Judge: Glady Kessler

Deck Type: Antitrust

Date Stamp: 6/24/2005


The United States of America, by its attorneys and acting under the direction of the Attorney General of the United States, brings this civil antitrust action to obtain equitable relief against Defendant Professional Consultants Insurance Company, Inc. to prevent and restrain violations of Section 1 of the Sherman Act, 15 U.S.C. § 1. The United States alleges as follows:

I. Jurisdiction and Venue

1. The United States brings this action to prevent and restrain violations of Section 1 of the Sherman Act, 15 U.S.C. § 1. The Court has jurisdiction over the parties to this action and of the subject matter pursuant to 15 U.S.C. § 4 and 28 U.S.C. §§ 1331, 1337 and 1345. Venue is proper in this District because Defendant has so stipulated.

II. Defendant

2. Defendant Professional Consultants Insurance Company, Inc. ("PCIC") is a professional liability insurance company incorporated under the laws of Vermont. PCIC's principal business is to provide errors and omissions insurance coverage to its three shareholders, which PCIC calls, and hereafter will be referred to as, its "members." Each of PCIC's three members is a major actuarial consulting firm doing business throughout the United States.

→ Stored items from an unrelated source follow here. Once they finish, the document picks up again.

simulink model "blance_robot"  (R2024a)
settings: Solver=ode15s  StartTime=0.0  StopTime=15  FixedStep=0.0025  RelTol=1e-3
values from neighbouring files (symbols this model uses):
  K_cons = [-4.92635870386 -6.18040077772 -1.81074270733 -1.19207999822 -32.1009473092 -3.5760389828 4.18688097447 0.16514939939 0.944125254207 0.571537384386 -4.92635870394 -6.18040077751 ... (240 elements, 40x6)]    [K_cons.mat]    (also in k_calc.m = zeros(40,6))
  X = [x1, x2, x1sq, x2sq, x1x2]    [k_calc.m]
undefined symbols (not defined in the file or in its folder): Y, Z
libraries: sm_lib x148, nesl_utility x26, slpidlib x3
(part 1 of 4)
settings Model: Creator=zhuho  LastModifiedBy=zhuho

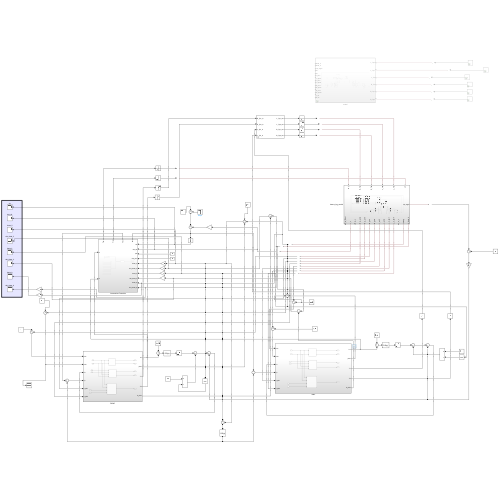
[thumbnail: Simulink's stored preview of the top-level diagram]
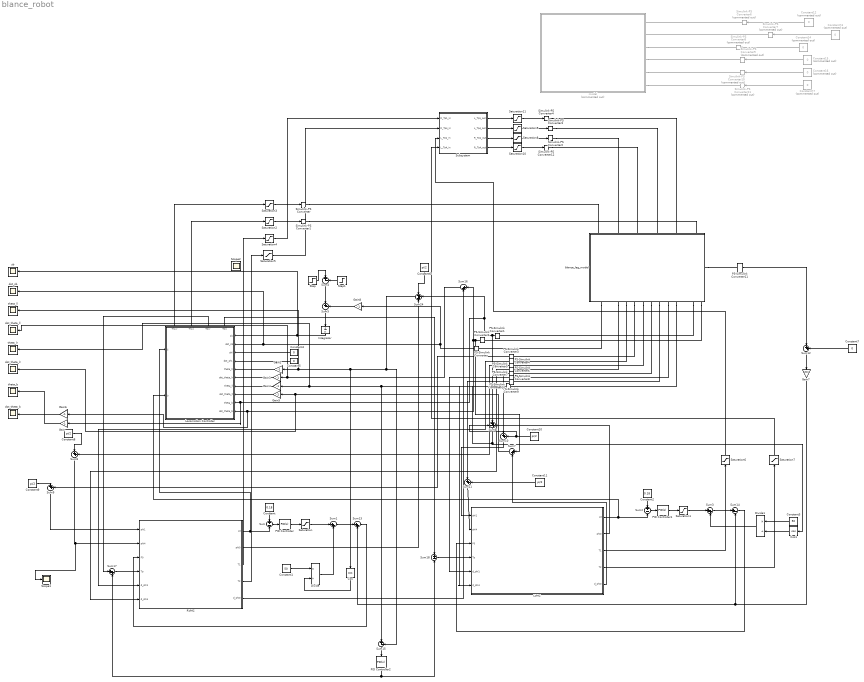
== system blance_robot ==
  Constant : Constant  Value=0.18
  Constant1 : Constant  Value=50
  Constant{6,8..11} (5 alike) : Constant  Value=pi/2
  Constant{12..17} (6 alike) : Constant  Commented=on  Value=0
  Constant2 : Constant  Value=0.18
  Constant3 : Constant  Value=50
  Constant4 : Constant  Value=0
  Constant5 : Constant  Value=0
  Constant7 : Constant  Value=0
  Cos : Trigonometry  Operator=cos
  Cos1 : Trigonometry  Operator=cos
  Divide : Product  Inputs=*/
  Divide1 : Product  Inputs=*/
  Gain{,2..6,8} (7 alike) : Gain  Gain=-1
  Gain7 : Gain  Gain=1500
  Integrator : Integrator
  LVMC : Subsystem
  Locomotion Controller : Subsystem
      settings: PortSchema="{\"entries\":[{\"content\":{\"sides\":[{\"content\":{\"connectorIds\":[\"In1\",\"In2\"]},\"type\":\"ConnectorPlacement.EquallySpacedRectSide\",\"uuid\":\"9f335f1a-920c-489c-ab23-b2605db4f7eb\"},{\"content\":{\"connectorIds\":[\"In3\",\"In4\",\"In5\",\"In6\",\"In7\",\"In8\",\"In9\",\"In10\",\"In11\",\"In12\"],\"side\":\"RIGHT\"},\"type\":\"ConnectorPlacement.EquallySpacedRectSide\",\"uuid\":\"244eb674-a427-495d-a4b5-69ad08e1900d\"},{\"content\":{\"connectorIds\":[\"Out1\",\"Out2\",\"Out3\",\"Out4\"],\"side\":\"TOP\"},\"type\":\"ConnectorPlacement.EquallySpacedRectSide\",\"uuid\":\"a2322f66-0ec6-4fc3-82d4-b6858da1a4af\"}]},\"type\":\"ConnectorPlacement.EquallySpacedConnector\",\"uuid\":\"7ddcb355-7f50-43e9-8496-f4eccb1abc77\"}],\"packageUris\":[\"http://schema.mathworks.com/mf0/Connector/R2020b\"],\"version\":\"1.0\"}"
  PID Controller : slpidlib/PID Controller  Controller=PID  Form=Parallel  TimeDomain=Continuous-time  UseExternalTs=off  SampleTime=-1  IntegratorMethod=Forward Euler  FilterMethod=Forward Euler  ControllerParametersSource=internal  P=500  I=0  UseKiTs=off  D=200  UseExternalDerivativeSource=off  N=100  UseFilter=on  TunerSelectOption=Transfer Function Based (PID Tuner App)  InitialConditionSource=internal  InitialConditionForIntegrator=0  InitialConditionForFilter=0  DifferentiatorICPrevScaledInput=0  ExternalReset=none  TrackingMode=off  Kt=1  LimitOutput=off  SatLimitsSource=internal  UpperSaturationLimit=inf  LowerSaturationLimit=-inf  LinearizeAsGain=on  AntiWindupMode=none  Kb=1  LimitIntegrator=off  UpperIntegratorSaturationLimit=inf  LowerIntegratorSaturationLimit=-inf  POutMin=[]  POutMax=[]  IOutMin=[]  IOutMax=[]  DOutMin=[]  DOutMax=[]  NOutMin=[]  NOutMax=[]  SumOutMin=[]  SumOutMax=[]  SaturationOutMin=[]  SaturationOutMax=[]  PParamMin=[]  PParamMax=[]  IParamMin=[]  IParamMax=[]  DParamMin=[]  DParamMax=[]  NParamMin=[]  NParamMax=[]  KbParamMin=[]  KbParamMax=[]  KtParamMin=[]  KtParamMax=[]  KbOutMin=[]  KbOutMax=[]  KtOutMin=[]  KtOutMax=[]  IntegratorOutMin=[]  IntegratorOutMax=[]  FilterOutMin=[]  FilterOutMax=[]  SumI1OutMin=[]  SumI1OutMax=[]  SumI2OutMin=[]  SumI2OutMax=[]  SumI3OutMin=[]  SumI3OutMax=[]  SumI4OutMin=[]  SumI4OutMax=[]  SumDOutMin=[]  SumDOutMax=[]  DifferentiatorOutMin=[]  DifferentiatorOutMax=[]  FilterDiffOutCoefMin=[]  FilterDiffOutCoefMax=[]  ReciprocalOutMin=[]  ReciprocalOutMax=[]  SumDenOutMin=[]  SumDenOutMax=[]  SumNumOutMin=[]  SumNumOutMax=[]  DivideOutMin=[]  DivideOutMax=[]  UdiffTsProdOutMin=[]  UdiffTsProdOutMax=[]  NTsProdOutMin=[]  NTsProdOutMax=[]  UintegralTsProdOutMin=[]  UintegralTsProdOutMax=[]  UngainTsProdOutMin=[]  UngainTsProdOutMax=[]  ClampingZeroOutDataTypeStr=Inherit: Inherit via back propagation  ClampingZeroOutMin=[]  ClampingZeroOutMax=[]  FilterDenConstantOutDataTypeStr=Inherit: Inherit via back propagation  FilterDenConstantOutMin=[]  FilterDenConstantOutMax=[]  PCopyOutDataTypeStr=Inherit: Inherit via back propagation  PCopyOutMin=[]  PCopyOutMax=[]  NCopyOutDataTypeStr=Inherit: Inherit via back propagation  NCopyOutMin=[]  NCopyOutMax=[]  IntegratorContinuousStateAttributes=''  IntegratorStateMustResolveToSignalObject=off  IntegratorRTWStateStorageClass=Auto  FilterContinuousStateAttributes=''  FilterStateMustResolveToSignalObject=off  FilterRTWStateStorageClass=Auto  ParallelPVariant=InternalParameters  IdealPVariant=Disabled  IVariant=InternalParameters  DVariant=InternalParameters  IntegratorVariant=Continuous  SatVariant=Disabled  AWVariant=Passthrough  PCopyVariant=Disabled  TRVariant=Disabled  FdbkBlocksVariant=Forward  IdealPFdbkVariant=Disabled  SatFdbkVariant=Disabled  DerivativeFilterVariant=ContFilter  NVariant=InternalParameters  NCopyVariant=Disabled  FilterICVariant=InternalICsFilter  IntegratorICVariant=InternalICs  ExternalResetVariant=Disabled  TRSumVariant=Passthrough  SumFdbkVariant=Disabled  SumVariant=Sum_PID  TsampFilterVariant=InternalTs  TsampNgainVariant=Passthrough  TsampIntegralVariant=Disabled_SignalSpec  ExternalSaturationOutDataTypeStr=Inherit: Same as second input  DerivativeSourceVariant=ErrorSignal
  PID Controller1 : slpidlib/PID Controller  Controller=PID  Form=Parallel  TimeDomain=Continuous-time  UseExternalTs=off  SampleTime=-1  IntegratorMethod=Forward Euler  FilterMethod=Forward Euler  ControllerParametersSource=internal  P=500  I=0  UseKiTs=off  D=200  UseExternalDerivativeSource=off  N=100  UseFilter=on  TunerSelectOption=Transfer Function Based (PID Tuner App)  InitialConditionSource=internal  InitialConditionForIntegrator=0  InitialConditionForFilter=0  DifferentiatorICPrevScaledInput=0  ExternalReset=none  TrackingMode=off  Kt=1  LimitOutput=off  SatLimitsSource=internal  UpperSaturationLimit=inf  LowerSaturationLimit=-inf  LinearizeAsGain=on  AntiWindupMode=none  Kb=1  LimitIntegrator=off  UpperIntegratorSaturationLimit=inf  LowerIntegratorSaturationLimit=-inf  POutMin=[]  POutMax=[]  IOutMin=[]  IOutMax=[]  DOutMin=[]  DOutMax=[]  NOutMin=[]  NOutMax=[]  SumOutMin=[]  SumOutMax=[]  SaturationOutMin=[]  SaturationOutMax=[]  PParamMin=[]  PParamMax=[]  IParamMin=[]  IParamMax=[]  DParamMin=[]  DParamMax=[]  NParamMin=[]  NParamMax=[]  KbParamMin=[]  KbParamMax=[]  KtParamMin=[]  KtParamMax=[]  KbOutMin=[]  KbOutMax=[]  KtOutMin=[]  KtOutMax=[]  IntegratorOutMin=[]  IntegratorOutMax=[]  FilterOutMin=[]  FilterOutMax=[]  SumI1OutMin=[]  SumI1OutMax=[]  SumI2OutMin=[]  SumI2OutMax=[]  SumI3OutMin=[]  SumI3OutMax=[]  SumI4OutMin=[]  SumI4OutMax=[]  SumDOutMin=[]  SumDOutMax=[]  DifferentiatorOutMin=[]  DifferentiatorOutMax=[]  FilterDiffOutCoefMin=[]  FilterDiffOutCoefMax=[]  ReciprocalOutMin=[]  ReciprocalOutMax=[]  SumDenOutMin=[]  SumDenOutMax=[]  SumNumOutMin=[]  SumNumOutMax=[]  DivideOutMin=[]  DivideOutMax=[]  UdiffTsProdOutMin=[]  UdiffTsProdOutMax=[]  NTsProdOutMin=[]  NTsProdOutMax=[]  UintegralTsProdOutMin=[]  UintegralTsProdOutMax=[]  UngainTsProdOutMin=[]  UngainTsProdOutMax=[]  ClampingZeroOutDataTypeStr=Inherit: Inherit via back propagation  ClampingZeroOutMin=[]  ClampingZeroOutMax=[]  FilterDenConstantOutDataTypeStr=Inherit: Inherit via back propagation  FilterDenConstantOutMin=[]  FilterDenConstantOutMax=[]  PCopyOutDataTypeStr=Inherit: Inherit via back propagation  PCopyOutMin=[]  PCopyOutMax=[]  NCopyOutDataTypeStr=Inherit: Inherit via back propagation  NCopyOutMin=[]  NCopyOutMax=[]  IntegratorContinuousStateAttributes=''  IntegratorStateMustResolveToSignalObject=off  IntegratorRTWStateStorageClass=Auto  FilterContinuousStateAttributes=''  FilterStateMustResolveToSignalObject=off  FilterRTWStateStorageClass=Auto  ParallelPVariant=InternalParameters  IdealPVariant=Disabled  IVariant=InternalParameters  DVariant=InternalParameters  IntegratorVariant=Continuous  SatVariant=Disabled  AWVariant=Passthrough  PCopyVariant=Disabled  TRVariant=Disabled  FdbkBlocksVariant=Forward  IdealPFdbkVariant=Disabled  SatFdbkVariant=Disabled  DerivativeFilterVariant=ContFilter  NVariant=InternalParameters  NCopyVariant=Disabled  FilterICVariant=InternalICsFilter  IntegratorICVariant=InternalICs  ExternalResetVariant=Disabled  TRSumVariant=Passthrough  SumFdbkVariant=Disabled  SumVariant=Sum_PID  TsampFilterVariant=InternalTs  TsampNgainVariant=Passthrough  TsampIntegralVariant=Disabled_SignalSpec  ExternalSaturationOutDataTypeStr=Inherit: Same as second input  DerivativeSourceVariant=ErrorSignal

3. At all times relevant to this Complaint, PCIC has been managed and operated by directors, officers, and providers of professional services who concurrently served as directors, officers, or employees of its members.

4. The PCIC members each employ hundreds of professional actuaries throughout the country to serve, on a nationwide basis, clients that require actuarial consulting services. Actuarial consultants are professionals trained and skilled in mathematical and statistical analysis and management of financial and economic risks. Their clients are firms and organizations that require risk analysis and management in various financial and other contexts, including pension plans and other employee benefit plans organized to serve public or government employees, private corporate employees, and members of labor unions.

5. Apart from their joint ownership and management of PCIC, the three PCIC members operate actuarial consulting businesses separately and independently of, and in competition with, each other. Each of the three PCIC members is a major competitor of the others in the provision of actuarial consulting services to employee benefit plans.

III. Trade and Commerce

6. At all times relevant to this Complaint, PCIC has provided professional liability insurance coverage for claims against its members arising from actuarial consulting businesses conducted by its members, including the provision of actuarial consulting services to employee benefit plans, throughout the United States. These activities of PCIC and its members have been within the flow of, and have substantially affected, interstate commerce.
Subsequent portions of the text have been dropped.